═════ MATERIAL SUPPLIED ═════

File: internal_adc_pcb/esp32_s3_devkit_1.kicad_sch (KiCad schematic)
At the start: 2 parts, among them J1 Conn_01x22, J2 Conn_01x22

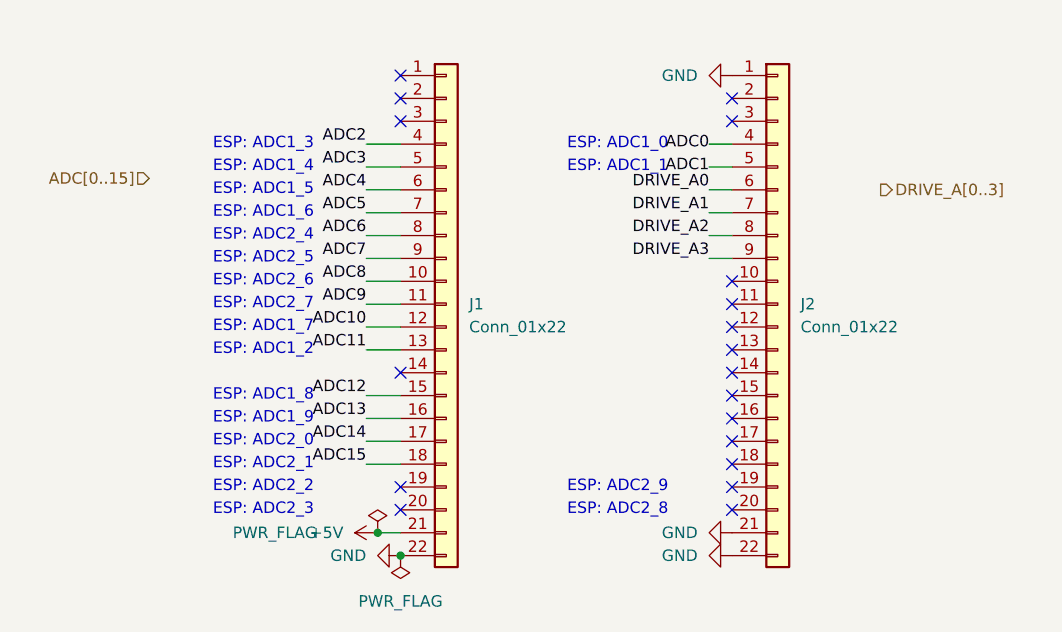
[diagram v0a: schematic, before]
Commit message: done all 4 TIA opamps for internal adc version
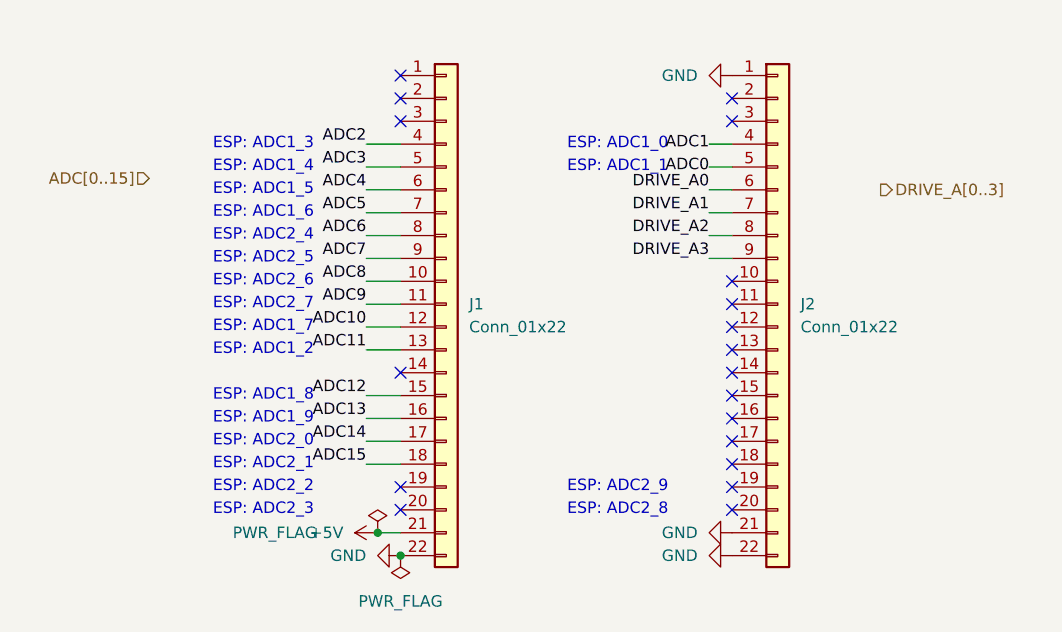
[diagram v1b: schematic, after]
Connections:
- net ADC0: now also J2.5 (Pin_5); no longer J2.4 (Pin_4)
- net ADC1: now also J2.4 (Pin_4); no longer J2.5 (Pin_5)
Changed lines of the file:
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@@
 		)
 	)
-	(label "ADC0"
+	(label "ADC1"
 		(at 92.71 64.77 180)
 		(effects
@@
 		)
 	)
-	(label "ADC1"
+	(label "ADC0"
 		(at 92.71 67.31 180)
 		(effects

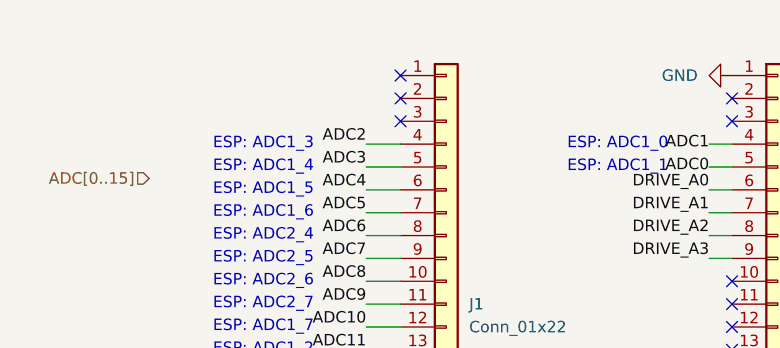
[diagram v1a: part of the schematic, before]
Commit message: fixing all ERC errors for internal ADC ver, fixing warnings now
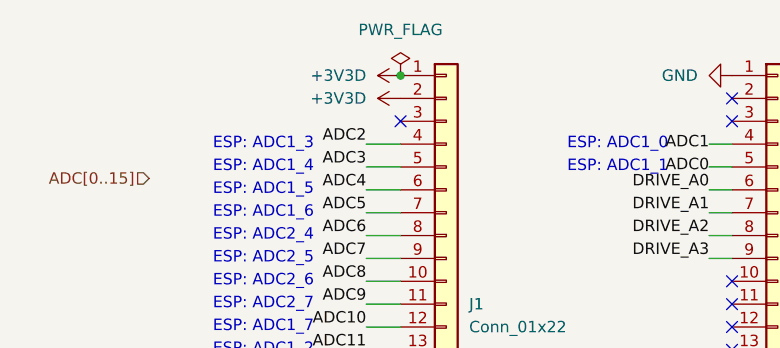
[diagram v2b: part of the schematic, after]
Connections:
- net +3V3D: now reaches J1.1 (Pin_1)
- net +3V3D: now also J1.2 (Pin_2)
- no-connect marks 19 -> 17
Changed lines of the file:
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@@
+	)
+	(junction
+		(at 58.42 57.15)
+		(diameter 0)
+		(color 0 0 0 0)
 	)
 	(junction
@@
 	(no_connect
 		(at 95.25 62.23)
-	)
-	(no_connect
-		(at 58.42 59.69)
-	)
-	(no_connect
-		(at 58.42 57.15)
 	)
 	(no_connect
@@
 	(symbol
 		(lib_id "power:PWR_FLAG")
+		(at 58.42 57.15 0)
+		(unit 1)
+		(body_style 1)
+		(exclude_from_sim no)
+		(in_bom yes)
+		(on_board yes)
+		(in_pos_files yes)
+		(dnp no)
+		(fields_autoplaced yes)
+		(property "Reference" "#FLG03"
+			(at 58.42 55.245 0)
+			(hide yes)
+			(show_name no)
+			(do_not_autoplace no)
+			(effects
+				(font
+					(size 1.27 1.27)
+				)
+			)
+		)
+		(property "Value" "PWR_FLAG"
+			(at 58.42 52.07 0)
+			(show_name no)
+			(do_not_autoplace no)
+			(effects
+				(font
+					(size 1.27 1.27)
+				)
+			)
+		)
+		(property "Footprint" ""
+			(at 58.42 57.15 0)
+			(hide yes)
+			(show_name no)
+			(do_not_autoplace no)
+			(effects
+				(font
+					(size 1.27 1.27)
+				)
+			)
+		)
+		(property "Datasheet" ""
+			(at 58.42 57.15 0)
+			(hide yes)
+			(show_name no)
+			(do_not_autoplace no)
+			(effects
+				(font
+					(size 1.27 1.27)
+				)
+			)
+		)
+		(property "Description" "Special symbol for telling ERC where power comes from"
+			(at 58.42 57.15 0)
+			(hide yes)
+			(show_name no)
+			(do_not_autoplace no)
+			(effects
+				(font
+					(size 1.27 1.27)
+				)
+			)
+		)
+		(pin "1"
+		)
+		(instances
+			(project "fsr_matrix_readout_internal_adc"
+				(path "/a2a8c34e-3adf-4a95-8857-b713f7048029/7b6125c2-c140-4f69-b2ce-c341fad458d4"
+					(reference "#FLG03")
+					(unit 1)
+				)
+			)
+		)
+	)
+	(symbol
+		(lib_id "power:PWR_FLAG")
 		(at 55.88 107.95 0)
 		(unit 1)
@@
 					(unit 1)
 				)
+			)
+		)
+	)
+	(symbol
+		(lib_id "power:+3V3")
+		(at 58.42 57.15 90)
+		(unit 1)
+		(body_style 1)
+		(exclude_from_sim no)
+		(in_bom yes)
+		(on_board yes)
+		(in_pos_files yes)
+		(dnp no)
+		(fields_autoplaced yes)
+		(property "Reference" "#PWR088"
+			(at 62.23 57.15 0)
+			(hide yes)
+			(show_name no)
+			(do_not_autoplace no)
+			(effects
+				(font
+					(size 1.27 1.27)
+				)
+			)
+		)
+		(property "Value" "+3V3D"
+			(at 54.61 57.1499 90)
+			(show_name no)
+			(do_not_autoplace no)
+			(effects
+				(font
+					(size 1.27 1.27)
+				)
+				(justify left)
+			)
+		)
+		(property "Footprint" ""
+			(at 58.42 57.15 0)
+			(hide yes)
+			(show_name no)
+			(do_not_autoplace no)
+			(effects
+				(font
+					(size 1.27 1.27)
+				)
+			)
+		)
+		(property "Datasheet" ""
+			(at 58.42 57.15 0)
+			(hide yes)
+			(show_name no)
+			(do_not_autoplace no)
+			(effects
+				(font
+					(size 1.27 1.27)
+				)
+			)
+		)
+		(property "Description" "Power symbol creates a global label with name \"+3V3\""
+			(at 58.42 57.15 0)
+			(hide yes)
+			(show_name no)
+			(do_not_autoplace no)
+			(effects
+				(font
+					(size 1.27 1.27)
+				)
+			)
+		)
+		(pin "1"
+		)
+		(instances
+			(project "fsr_matrix_readout_internal_adc"
+				(path "/a2a8c34e-3adf-4a95-8857-b713f7048029/7b6125c2-c140-4f69-b2ce-c341fad458d4"
+					(reference "#PWR088")
+					(unit 1)
+				)
+			)
+		)
+	)
+	(symbol
+		(lib_id "power:+3V3")
+		(at 58.42 59.69 90)
+		(unit 1)
+		(body_style 1)
+		(exclude_from_sim no)
+		(in_bom yes)
+		(on_board yes)
+		(in_pos_files yes)
+		(dnp no)
+		(fields_autoplaced yes)
+		(property "Reference" "#PWR089"
+			(at 62.23 59.69 0)
+			(hide yes)
+			(show_name no)
+			(do_not_autoplace no)
+			(effects
+				(font
+					(size 1.27 1.27)
+				)
+			)
+		)
+		(property "Value" "+3V3D"
+			(at 54.61 59.6899 90)
+			(show_name no)
+			(do_not_autoplace no)
+			(effects
+				(font
+					(size 1.27 1.27)
+				)
+				(justify left)
+			)
+		)
+		(property "Footprint" ""
+			(at 58.42 59.69 0)
+			(hide yes)
+			(show_name no)
+			(do_not_autoplace no)
+			(effects
+				(font
+					(size 1.27 1.27)
+				)
+			)
+		)
+		(property "Datasheet" ""
+			(at 58.42 59.69 0)
+			(hide yes)
+			(show_name no)
+			(do_not_autoplace no)
+			(effects
+				(font
+					(size 1.27 1.27)
+				)
+			)
+		)
+		(property "Description" "Power symbol creates a global label with name \"+3V3\""
+			(at 58.42 59.69 0)
+			(hide yes)
+			(show_name no)
+			(do_not_autoplace no)
+			(effects
+				(font
+					(size 1.27 1.27)
+				)
+			)
+		)
+		(pin "1"
+		)
+		(instances
+			(project "fsr_matrix_readout_internal_adc"
+				(path "/a2a8c34e-3adf-4a95-8857-b713f7048029/7b6125c2-c140-4f69-b2ce-c341fad458d4"
+					(reference "#PWR089")
+					(unit 1)
+				)

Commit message: change ESP connector from pin to socket
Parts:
- J1, J2: footprint Connector_PinHeader_2.54mm:PinHeader_1x22_P2.54mm_Vertical -> Connector_PinSocket_2.54mm:PinSocket_1x22_P2.54mm_Vertical
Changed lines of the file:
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@@
 			)
 		)
-		(property "Footprint" "Connector_PinHeader_2.54mm:PinHeader_1x22_P2.54mm_Vertical"
+		(property "Footprint" "Connector_PinSocket_2.54mm:PinSocket_1x22_P2.54mm_Vertical"
 			(at 100.33 82.55 0)
 			(hide yes)
@@
 			)
 		)
-		(property "Footprint" "Connector_PinHeader_2.54mm:PinHeader_1x22_P2.54mm_Vertical"
+		(property "Footprint" "Connector_PinSocket_2.54mm:PinSocket_1x22_P2.54mm_Vertical"
 			(at 63.5 82.55 0)
 			(hide yes)

═════

WHAT TO PRODUCE: Output the data exactly as it appears. The pictures do not belong in it.

FINISHED TASK:
File: internal_adc_pcb/esp32_s3_devkit_1.kicad_sch (KiCad schematic)
At the start: 2 parts, among them J1 Conn_01x22, J2 Conn_01x22

[diagram v0a: schematic, before]
Commit message: done all 4 TIA opamps for internal adc version
[diagram v1b: schematic, after]
Connections:
- net ADC0: now also J2.5 (Pin_5); no longer J2.4 (Pin_4)
- net ADC1: now also J2.4 (Pin_4); no longer J2.5 (Pin_5)
Changed lines of the file:
@@
 		)
 	)
-	(label "ADC0"
+	(label "ADC1"
 		(at 92.71 64.77 180)
 		(effects
@@
 		)
 	)
-	(label "ADC1"
+	(label "ADC0"
 		(at 92.71 67.31 180)
 		(effects

[diagram v1a: part of the schematic, before]
Commit message: fixing all ERC errors for internal ADC ver, fixing warnings now
[diagram v2b: part of the schematic, after]
Connections:
- net +3V3D: now reaches J1.1 (Pin_1)
- net +3V3D: now also J1.2 (Pin_2)
- no-connect marks 19 -> 17
Changed lines of the file:
@@
+	)
+	(junction
+		(at 58.42 57.15)
+		(diameter 0)
+		(color 0 0 0 0)
 	)
 	(junction
@@
 	(no_connect
 		(at 95.25 62.23)
-	)
-	(no_connect
-		(at 58.42 59.69)
-	)
-	(no_connect
-		(at 58.42 57.15)
 	)
 	(no_connect
@@
 	(symbol
 		(lib_id "power:PWR_FLAG")
+		(at 58.42 57.15 0)
+		(unit 1)
+		(body_style 1)
+		(exclude_from_sim no)
+		(in_bom yes)
+		(on_board yes)
+		(in_pos_files yes)
+		(dnp no)
+		(fields_autoplaced yes)
+		(property "Reference" "#FLG03"
+			(at 58.42 55.245 0)
+			(hide yes)
+			(show_name no)
+			(do_not_autoplace no)
+			(effects
+				(font
+					(size 1.27 1.27)
+				)
+			)
+		)
+		(property "Value" "PWR_FLAG"
+			(at 58.42 52.07 0)
+			(show_name no)
+			(do_not_autoplace no)
+			(effects
+				(font
+					(size 1.27 1.27)
+				)
+			)
+		)
+		(property "Footprint" ""
+			(at 58.42 57.15 0)
+			(hide yes)
+			(show_name no)
+			(do_not_autoplace no)
+			(effects
+				(font
+					(size 1.27 1.27)
+				)
+			)
+		)
+		(property "Datasheet" ""
+			(at 58.42 57.15 0)
+			(hide yes)
+			(show_name no)
+			(do_not_autoplace no)
+			(effects
+				(font
+					(size 1.27 1.27)
+				)
+			)
+		)
+		(property "Description" "Special symbol for telling ERC where power comes from"
+			(at 58.42 57.15 0)
+			(hide yes)
+			(show_name no)
+			(do_not_autoplace no)
+			(effects
+				(font
+					(size 1.27 1.27)
+				)
+			)
+		)
+		(pin "1"
+		)
+		(instances
+			(project "fsr_matrix_readout_internal_adc"
+				(path "/a2a8c34e-3adf-4a95-8857-b713f7048029/7b6125c2-c140-4f69-b2ce-c341fad458d4"
+					(reference "#FLG03")
+					(unit 1)
+				)
+			)
+		)
+	)
+	(symbol
+		(lib_id "power:PWR_FLAG")
 		(at 55.88 107.95 0)
 		(unit 1)
@@
 					(unit 1)
 				)
+			)
+		)
+	)
+	(symbol
+		(lib_id "power:+3V3")
+		(at 58.42 57.15 90)
+		(unit 1)
+		(body_style 1)
+		(exclude_from_sim no)
+		(in_bom yes)
+		(on_board yes)
+		(in_pos_files yes)
+		(dnp no)
+		(fields_autoplaced yes)
+		(property "Reference" "#PWR088"
+			(at 62.23 57.15 0)
+			(hide yes)
+			(show_name no)
+			(do_not_autoplace no)
+			(effects
+				(font
+					(size 1.27 1.27)
+				)
+			)
+		)
+		(property "Value" "+3V3D"
+			(at 54.61 57.1499 90)
+			(show_name no)
+			(do_not_autoplace no)
+			(effects
+				(font
+					(size 1.27 1.27)
+				)
+				(justify left)
+			)
+		)
+		(property "Footprint" ""
+			(at 58.42 57.15 0)
+			(hide yes)
+			(show_name no)
+			(do_not_autoplace no)
+			(effects
+				(font
+					(size 1.27 1.27)
+				)
+			)
+		)
+		(property "Datasheet" ""
+			(at 58.42 57.15 0)
+			(hide yes)
+			(show_name no)
+			(do_not_autoplace no)
+			(effects
+				(font
+					(size 1.27 1.27)
+				)
+			)
+		)
+		(property "Description" "Power symbol creates a global label with name \"+3V3\""
+			(at 58.42 57.15 0)
+			(hide yes)
+			(show_name no)
+			(do_not_autoplace no)
+			(effects
+				(font
+					(size 1.27 1.27)
+				)
+			)
+		)
+		(pin "1"
+		)
+		(instances
+			(project "fsr_matrix_readout_internal_adc"
+				(path "/a2a8c34e-3adf-4a95-8857-b713f7048029/7b6125c2-c140-4f69-b2ce-c341fad458d4"
+					(reference "#PWR088")
+					(unit 1)
+				)
+			)
+		)
+	)
+	(symbol
+		(lib_id "power:+3V3")
+		(at 58.42 59.69 90)
+		(unit 1)
+		(body_style 1)
+		(exclude_from_sim no)
+		(in_bom yes)
+		(on_board yes)
+		(in_pos_files yes)
+		(dnp no)
+		(fields_autoplaced yes)
+		(property "Reference" "#PWR089"
+			(at 62.23 59.69 0)
+			(hide yes)
+			(show_name no)
+			(do_not_autoplace no)
+			(effects
+				(font
+					(size 1.27 1.27)
+				)
+			)
+		)
+		(property "Value" "+3V3D"
+			(at 54.61 59.6899 90)
+			(show_name no)
+			(do_not_autoplace no)
+			(effects
+				(font
+					(size 1.27 1.27)
+				)
+				(justify left)
+			)
+		)
+		(property "Footprint" ""
+			(at 58.42 59.69 0)
+			(hide yes)
+			(show_name no)
+			(do_not_autoplace no)
+			(effects
+				(font
+					(size 1.27 1.27)
+				)
+			)
+		)
+		(property "Datasheet" ""
+			(at 58.42 59.69 0)
+			(hide yes)
+			(show_name no)
+			(do_not_autoplace no)
+			(effects
+				(font
+					(size 1.27 1.27)
+				)
+			)
+		)
+		(property "Description" "Power symbol creates a global label with name \"+3V3\""
+			(at 58.42 59.69 0)
+			(hide yes)
+			(show_name no)
+			(do_not_autoplace no)
+			(effects
+				(font
+					(size 1.27 1.27)
+				)
+			)
+		)
+		(pin "1"
+		)
+		(instances
+			(project "fsr_matrix_readout_internal_adc"
+				(path "/a2a8c34e-3adf-4a95-8857-b713f7048029/7b6125c2-c140-4f69-b2ce-c341fad458d4"
+					(reference "#PWR089")
+					(unit 1)
+				)

Commit message: change ESP connector from pin to socket
Parts:
- J1, J2: footprint Connector_PinHeader_2.54mm:PinHeader_1x22_P2.54mm_Vertical -> Connector_PinSocket_2.54mm:PinSocket_1x22_P2.54mm_Vertical
Changed lines of the file:
@@
 			)
 		)
-		(property "Footprint" "Connector_PinHeader_2.54mm:PinHeader_1x22_P2.54mm_Vertical"
+		(property "Footprint" "Connector_PinSocket_2.54mm:PinSocket_1x22_P2.54mm_Vertical"
 			(at 100.33 82.55 0)
 			(hide yes)
@@
 			)
 		)
-		(property "Footprint" "Connector_PinHeader_2.54mm:PinHeader_1x22_P2.54mm_Vertical"
+		(property "Footprint" "Connector_PinSocket_2.54mm:PinSocket_1x22_P2.54mm_Vertical"
 			(at 63.5 82.55 0)
 			(hide yes)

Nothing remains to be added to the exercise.